6. The method as described in claim 1, characterized in that, The weighted aggregation uses a federated average algorithm; the aggregation weights of the federated average algorithm are dynamically determined based on the ratio of the number of samples in the single-class sample set and the trusted sample set.
7. The method as described in claim 1, characterized in that, After obtaining the final model, the process also includes model iterative optimization steps: Step 1: Use the aforementioned credible sample set as the initial high-confidence sample set; Step 2: Based on the final model, predict the remaining samples that have not yet been selected into the single-class sample set and the high-confidence sample set, and filter out samples whose feature vectors and sample labels are similar to those of the samples, and add them to the high-confidence sample set. Step 3: Continue training the second classification model based on the updated high-confidence sample set; then perform a weighted aggregation of the first classification model and the retrained second classification model to obtain a new global model.
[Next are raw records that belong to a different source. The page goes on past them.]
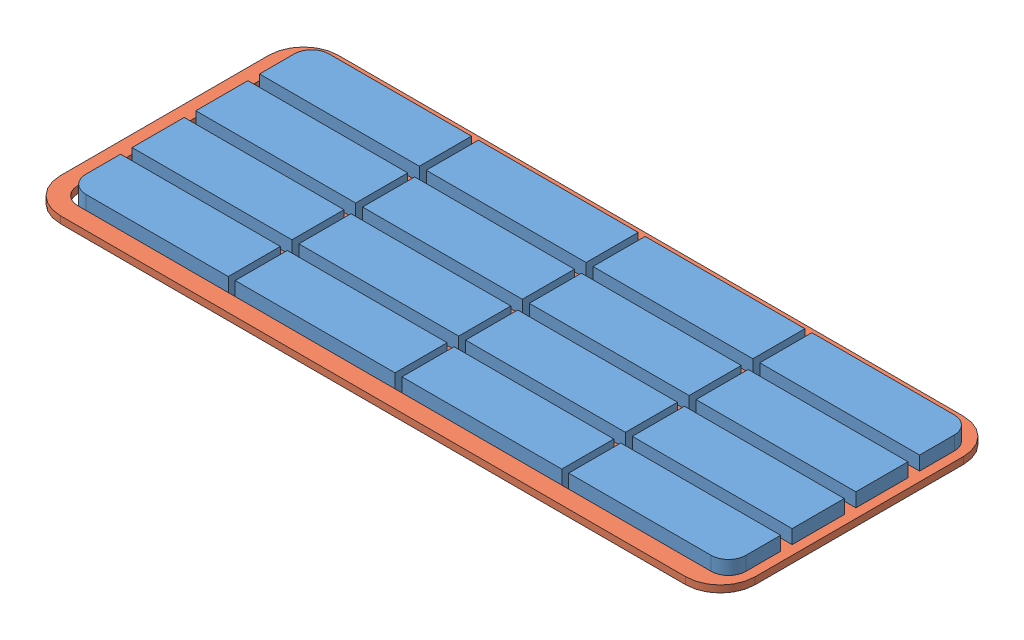
SolidWorks assembly KeypadBagianAkhir_18, configuration Default. Lengths in mm.
Overall size (100 3 40).
2 component instances, 2 part files, 0 mates.
Components (placement in the parent):
- KeypadBagian1_18-1: KeypadBagian1_18 [Default] at (40.5013 55.7056 69.4343) size (95 3 35)
- KeypadBagian2_18-1: KeypadBagian2_18 [Default] at (53.1911 55.7056 77.0769) size (100 1 40)
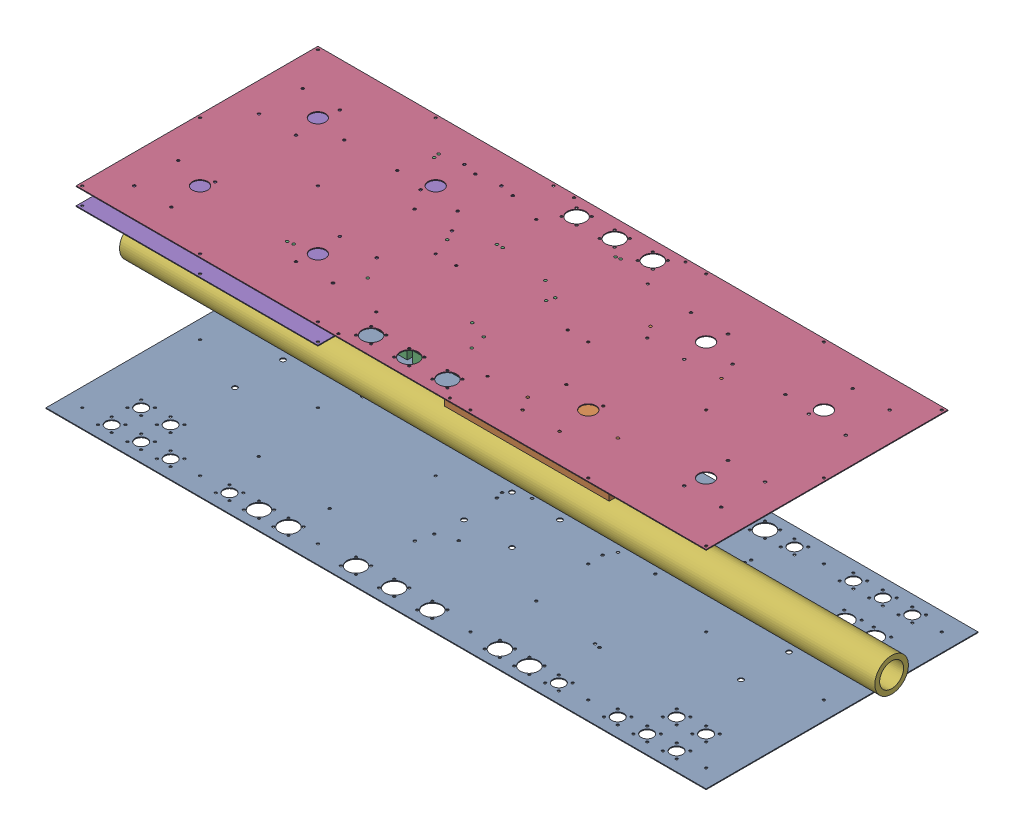
SolidWorks assembly antenna_box, configuration Default. Lengths in mm.
Overall size (1000 255.53 360).
6 component instances, 6 part files, 8 mates.
Components (placement in the parent):
- panel1-1: panel1 [Default] at origin size (874 1.02 360)
- eval-adrv9026-1: eval-adrv9026 [Default] at (-167.4337 215.53 90.7906) x (1 0 0) z (0 0 -1) size (236.73 50 193.04)
- ads9-v2ebz-1: ads9-v2ebz [Default] at (106.5266 225.53 -17.0085) x (1 0 0) z (0 0 -1) size (259.71 65 215.9)
- panel2-1: panel2 [Default] at (0 255.53 0) x (1 0 0) z (0 0 -1) size (834 1.02 320)
- subpanel-1: subpanel [Default] at (-257 231.5991 0) size (320 1.02 320) (hidden)
- big_pipe-1: big_pipe [Default] at (0.019 71.9832 -2.6192) x (0 -1 0) z (0 0 1) size (44.45 1000 44.45)
Mates (geometry in assembly coordinates):
- Concentric1: concentric anti-aligned: circle of panel1-1; circle of panel2-1
- Parallel1: parallel aligned: plane of panel1-1 through (-437 1.016 -180) normal (-1 0 0); plane of big_pipe-1 through (-499.981 71.9832 -2.6192) normal (-1 0 0)
- Parallel2: parallel aligned: line of ads9-v2ebz-1 through (39.6644 220.53 91.182) axis (-1 0 0); line of panel2-1 through (417 254.514 160) axis (-1 0 0)
- Parallel3: parallel aligned: line of eval-adrv9026-1 through (247.4888 205.53 118.8143) axis (-1 0 0); line of panel2-1 through (417 254.514 160) axis (-1 0 0)
- Parallel4: parallel anti-aligned: line of panel1-1 through (-437 0 180) axis (1 0 0); line of panel2-1 through (417 254.514 160) axis (-1 0 0)
- Concentric2: concentric anti-aligned: circle of panel1-1; circle of panel2-1
- Coincident1: coincident anti-aligned: circle of eval-adrv9026-1; circle of panel2-1
- Coincident2: coincident aligned: circle of ads9-v2ebz-1; circle of panel2-1

Step 4: Repeat steps 2 to 3, and use the new global model generated in each aggregation for the next round of screening, until the number of new samples added in the continuous iteration is lower than the preset threshold or the number of iterations reaches the preset upper limit; finally, the global model generated in the last round is used as the final model.
8. A backdoor defense system based on clustering and weighted aggregation, characterized in that, include: The sample classification module is used to perform cluster analysis on the input samples based on the density clustering algorithm, and divide the input samples into single-class sample sets and multi-class sample sets according to the clustering results; The model training module is used to train a first classification model based on the single-class sample set; and to predict the multi-class sample set based on the first classification model, thereby selecting samples whose feature vectors are similar to the sample labels and constructing a reliable sample set. A second classification model is trained based on the aforementioned reliable sample set; The model aggregation module is used to perform weighted aggregation on the first classification model and the second classification model to obtain the final model.
9. A computer device, characterized in that, include: Memory, processor, and bus system; The memory is used to store programs; The processor is used to execute the program in the memory, and the processor is used to execute the backdoor defense method based on clustering and weighted aggregation according to the instructions in the program code; The bus system is used to connect the memory and the processor to enable communication between the memory and the processor.
10. A storage medium, characterized in that, The storage medium stores one or more programs that, when executed by a processor, implement a backdoor defense method based on clustering and weighted aggregation as described in any one of claims 1 to 6.